「よーお」
馬超は扉に凭れ掛かりながら、彼に向かい手を振る。
だが、趙雲はそんな彼を上目遣いで一瞥すると、再び机の上に広がる木簡の上に目を落とした。
「何か用か」
「九日十日ってな」
「帰るか?むしろ帰るといい」
目を細め、立ち上がり、馬超の背にそっと手をかける趙雲。
そのまま、ぐっと彼の背を押し、廊下へと押し出しながら言葉を一気に口にする。
「また明日会えるといいな願っているぞ孟起殿」
そして、手を離すとそっと扉に手をかけた、僅かに笑みながら。
「わ、ちょ、待てよ子竜!」
慌て、趙雲が閉じ始めた扉に彼もまた手をかけ、力を込めると馬超は引きつった笑みを浮かべる。
「悪かった冗談だ!」
「残念ながら冗談に付き合う暇はない」
「…む、暇じゃない、か。解った、子竜、俺にも手伝わせてくれ」
扉を閉めようとする手が動きを止める。
「…ふむ」
「な、だから」
馬超は扉にかけた手に力を込めた。趙雲が力を緩めたため、がらがらと賑やかな音を立てながら扉はあっけなく大きな口を開ける。
それを眺め、趙雲は大きな溜息をつき、踵を返した。
「…邪魔をするなら容赦はしないぞ」
と呟きながら。
「よ」
馬超は机の上に広がる木簡を持ち上げると、端に結わえてある紐を引いた。
びいん。音が鳴り、真っ直ぐに伸びる紐。彼はそれを手に取ると、更に三度ほど引き、巻いた。
「子竜、出来たぜ」
更にとんとんとそれを叩き、整えると力一杯机の方へ投げる。
「孟起殿、そなたは壊す気か」
地に着く直前、それを上手く受け止めながら趙雲は一人ぼやく。そして、机の横に積み上げられた、それとは違う木簡を手に取ると馬超へとそっと投げる。
「……まだあるのかよ」
受け取りながら、彼はいかにもうんざり、といった表情で木簡を手早く広げ筆を取った。
「孟起殿」
「どうした?」
筆を木簡に滑らせながら、顔も上げず訊ねる馬超。
そんな彼を横目に、趙雲は彼の書いた木簡を広げ、頷いた。
「そなたは意外と字が綺麗なのだな」
「うるさい、俺だって一応嫡子だ」
馬超は彼を睨んだ。一方、趙雲は木簡より目を離し、馬超を横目で眺めると
「すまない」
軽く会釈をし、再び木簡に目を通す。
「すぐに謝るな」
「そうだな、…何故か、だった」
「気にするな、しかし子竜よ」
机より視線を外さず訊ねる彼に、趙雲は不思議そうに、壁に向かっている机より腰を上げる。
「どうした」
席を立った趙雲に気付き、筆を止め、彼を見上げる馬超。
「最近戦もなく、外に出ている様子もない。さっき部屋を覗いたとき、……俺はお前がてっきり文官になっちまったのかと思ったぞ」
どこか呆れ顔に、手を肩まで持ち上げると肩を竦め馬超は呟く。
だが、その呆れ顔の馬超とは裏腹に、趙雲は返事の代わりに訝しげな視線を投げた。
「……文官?」
しかし彼はその視線を気にすることなくああ!と低く大きく響く声で言う。
「最近お前が手合わせの誘いをかけぬからな、少しばかり心配していたのだ」
「…そうであったか」
頷く馬超。しかし次の瞬間に、彼は趙雲の言葉に「表情が崩れる」ほどに驚くのであった。
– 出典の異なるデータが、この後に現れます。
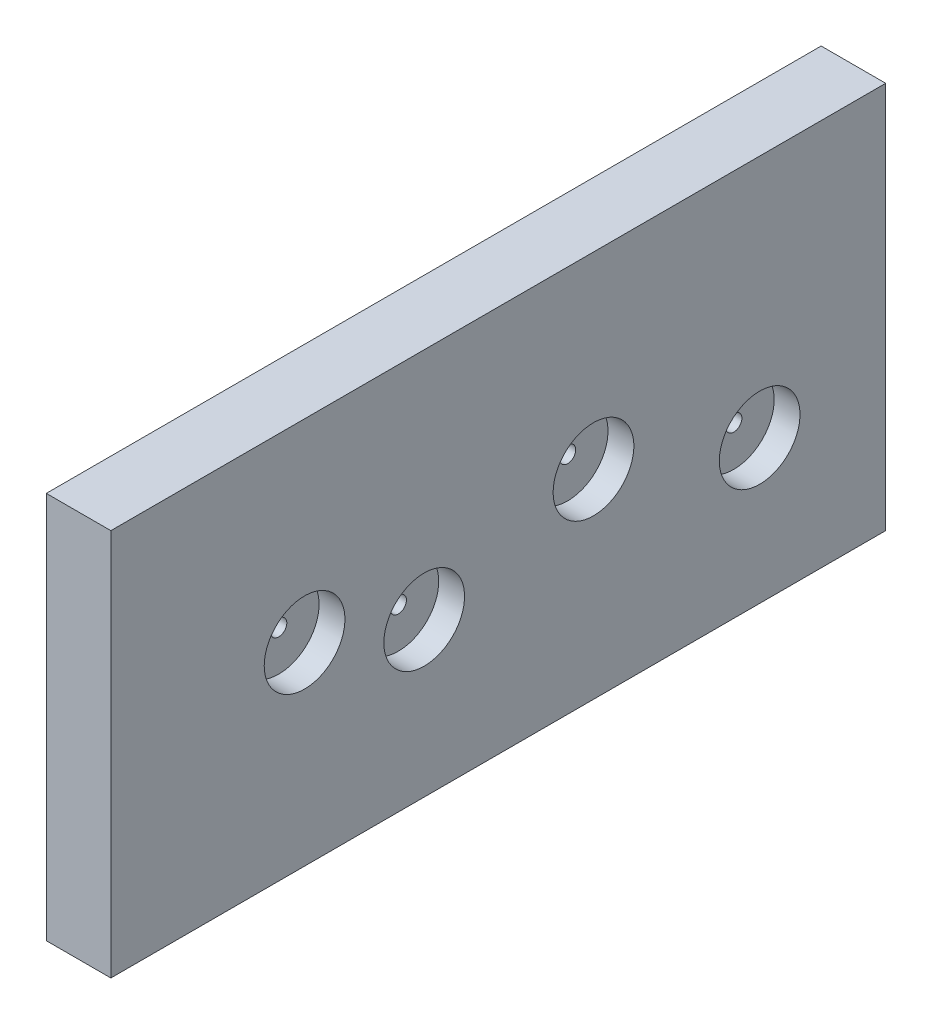
ISO-10303-21;
HEADER;
FILE_DESCRIPTION(('STEP AP214'),'2;1');
FILE_NAME('part.step','',(''),(''),'','','');
FILE_SCHEMA(('AUTOMOTIVE_DESIGN { 1 0 10303 214 1 1 1 1 }'));
ENDSEC;
DATA;
#1=APPLICATION_CONTEXT('core data for automotive mechanical design processes');
#2=APPLICATION_PROTOCOL_DEFINITION('international standard','automotive_design',2000,#1);
#3=PRODUCT_CONTEXT('',#1,'mechanical');
#4=PRODUCT('Part','Part','',(#3));
#5=PRODUCT_RELATED_PRODUCT_CATEGORY('part','',(#4));
#6=PRODUCT_DEFINITION_FORMATION('','',#4);
#7=PRODUCT_DEFINITION_CONTEXT('part definition',#1,'design');
#8=PRODUCT_DEFINITION('design','',#6,#7);
#9=PRODUCT_DEFINITION_SHAPE('','',#8);
#10=(LENGTH_UNIT() NAMED_UNIT(*) SI_UNIT(.MILLI.,.METRE.));
#11=(NAMED_UNIT(*) PLANE_ANGLE_UNIT() SI_UNIT($,.RADIAN.));
#12=(NAMED_UNIT(*) SI_UNIT($,.STERADIAN.) SOLID_ANGLE_UNIT());
#13=UNCERTAINTY_MEASURE_WITH_UNIT(LENGTH_MEASURE(1.E-05),#10,'distance_accuracy_value','');
#14=(GEOMETRIC_REPRESENTATION_CONTEXT(3) GLOBAL_UNCERTAINTY_ASSIGNED_CONTEXT((#13)) GLOBAL_UNIT_ASSIGNED_CONTEXT((#10,
#11,#12)) REPRESENTATION_CONTEXT('',''));
#15=CARTESIAN_POINT('',(0.,0.,0.));
#16=DIRECTION('',(0.,0.,1.));
#17=DIRECTION('',(1.,0.,0.));
#18=AXIS2_PLACEMENT_3D('',#15,#16,#17);
#19=CARTESIAN_POINT('',(12.7,-38.1,0.));
#20=DIRECTION('',(0.,1.,0.));
#21=DIRECTION('',(0.,0.,1.));
#22=AXIS2_PLACEMENT_3D('',#19,#20,#21);
#23=PLANE('',#22);
#24=CARTESIAN_POINT('',(6.35000000000001,-38.1,0.));
#25=DIRECTION('',(0.,-1.,0.));
#26=DIRECTION('',(0.,0.,-1.));
#27=AXIS2_PLACEMENT_3D('',#24,#25,#26);
#28=CIRCLE('',#27,3.175);
#29=CARTESIAN_POINT('',(6.35000000000001,-38.1,-3.175));
#30=VERTEX_POINT('',#29);
#31=EDGE_CURVE('E120',#30,#30,#28,.T.);
#32=ORIENTED_EDGE('',*,*,#31,.F.);
#33=EDGE_LOOP('',(#32));
#34=FACE_BOUND('',#33,.T.);
#35=CARTESIAN_POINT('',(6.35,-38.1,57.15));
#36=DIRECTION('',(0.,-1.,0.));
#37=DIRECTION('',(0.,0.,-1.));
#38=AXIS2_PLACEMENT_3D('',#35,#36,#37);
#39=CIRCLE('',#38,3.175);
#40=CARTESIAN_POINT('',(6.35,-38.1,53.975));
#41=VERTEX_POINT('',#40);
#42=EDGE_CURVE('E119',#41,#41,#39,.T.);
#43=ORIENTED_EDGE('',*,*,#42,.F.);
#44=EDGE_LOOP('',(#43));
#45=FACE_BOUND('',#44,.T.);
#46=CARTESIAN_POINT('',(6.35000000000002,-38.1,-63.5));
#47=DIRECTION('',(0.,-1.,0.));
#48=DIRECTION('',(0.,0.,-1.));
#49=AXIS2_PLACEMENT_3D('',#46,#47,#48);
#50=CIRCLE('',#49,3.175);
#51=CARTESIAN_POINT('',(6.35000000000002,-38.1,-66.675));
#52=VERTEX_POINT('',#51);
#53=EDGE_CURVE('E133',#52,#52,#50,.T.);
#54=ORIENTED_EDGE('',*,*,#53,.F.);
#55=EDGE_LOOP('',(#54));
#56=FACE_BOUND('',#55,.T.);
#57=DIRECTION('',(0.,0.,-1.));
#58=VECTOR('',#57,1.);
#59=CARTESIAN_POINT('',(0.,-38.1,0.));
#60=LINE('',#59,#58);
#61=CARTESIAN_POINT('',(0.,-38.1,76.2));
#62=VERTEX_POINT('',#61);
#63=CARTESIAN_POINT('',(0.,-38.1,-76.2));
#64=VERTEX_POINT('',#63);
#65=EDGE_CURVE('E187',#62,#64,#60,.T.);
#66=ORIENTED_EDGE('',*,*,#65,.T.);
#67=DIRECTION('',(-1.,0.,0.));
#68=VECTOR('',#67,1.);
#69=CARTESIAN_POINT('',(12.7,-38.1,-76.2));
#70=LINE('',#69,#68);
#71=CARTESIAN_POINT('',(12.7,-38.1,-76.2));
#72=VERTEX_POINT('',#71);
#73=EDGE_CURVE('E11',#72,#64,#70,.T.);
#74=ORIENTED_EDGE('',*,*,#73,.F.);
#75=DIRECTION('',(0.,0.,-1.));
#76=VECTOR('',#75,1.);
#77=CARTESIAN_POINT('',(12.7,-38.1,0.));
#78=LINE('',#77,#76);
#79=CARTESIAN_POINT('',(12.7,-38.1,76.2));
#80=VERTEX_POINT('',#79);
#81=EDGE_CURVE('E174',#80,#72,#78,.T.);
#82=ORIENTED_EDGE('',*,*,#81,.F.);
#83=DIRECTION('',(-1.,0.,0.));
#84=VECTOR('',#83,1.);
#85=CARTESIAN_POINT('',(12.7,-38.1,76.2));
#86=LINE('',#85,#84);
#87=EDGE_CURVE('E70',#80,#62,#86,.T.);
#88=ORIENTED_EDGE('',*,*,#87,.T.);
#89=EDGE_LOOP('',(#66,#74,#82,#88));
#90=FACE_BOUND('',#89,.T.);
#91=ADVANCED_FACE('F51',(#34,#45,#56,#90),#23,.F.);
#92=CARTESIAN_POINT('',(12.7,0.,-76.2));
#93=DIRECTION('',(0.,0.,1.));
#94=DIRECTION('',(1.,0.,0.));
#95=AXIS2_PLACEMENT_3D('',#92,#93,#94);
#96=PLANE('',#95);
#97=DIRECTION('',(0.,1.,0.));
#98=VECTOR('',#97,1.);
#99=CARTESIAN_POINT('',(0.,0.,-76.2));
#100=LINE('',#99,#98);
#101=CARTESIAN_POINT('',(0.,38.1,-76.2));
#102=VERTEX_POINT('',#101);
#103=EDGE_CURVE('E190',#64,#102,#100,.T.);
#104=ORIENTED_EDGE('',*,*,#103,.T.);
#105=DIRECTION('',(-1.,0.,0.));
#106=VECTOR('',#105,1.);
#107=CARTESIAN_POINT('',(12.7,38.1,-76.2));
#108=LINE('',#107,#106);
#109=CARTESIAN_POINT('',(12.7,38.1,-76.2));
#110=VERTEX_POINT('',#109);
#111=EDGE_CURVE('E61',#110,#102,#108,.T.);
#112=ORIENTED_EDGE('',*,*,#111,.F.);
#113=DIRECTION('',(0.,1.,0.));
#114=VECTOR('',#113,1.);
#115=CARTESIAN_POINT('',(12.7,0.,-76.2));
#116=LINE('',#115,#114);
#117=EDGE_CURVE('E97',#72,#110,#116,.T.);
#118=ORIENTED_EDGE('',*,*,#117,.F.);
#119=ORIENTED_EDGE('',*,*,#73,.T.);
#120=EDGE_LOOP('',(#104,#112,#118,#119));
#121=FACE_BOUND('',#120,.T.);
#122=ADVANCED_FACE('F275',(#121),#96,.F.);
#123=CARTESIAN_POINT('',(12.7,38.1,0.));
#124=DIRECTION('',(0.,1.,0.));
#125=DIRECTION('',(0.,0.,1.));
#126=AXIS2_PLACEMENT_3D('',#123,#124,#125);
#127=PLANE('',#126);
#128=DIRECTION('',(0.,0.,-1.));
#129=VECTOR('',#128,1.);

「ああ、そういえば孟起殿とはここのところ手合わせをしていないな」
「…へ?」
驚きを包み隠さずに吐き出す馬超、その向かいに趙雲は腰を下ろすと、そっと椀を差し出す。
頬に幾度か平手打ちのように手を当て、それを受け取る馬超。
暖かさの伝わる椀からふわりと湯気が立ち、同時に彼の鼻を茶の香りがくすぐる。
彼は、小さく趙雲に礼を述べるとそれを一口含み大きく息を吐き出し、ふう、と深呼吸をする。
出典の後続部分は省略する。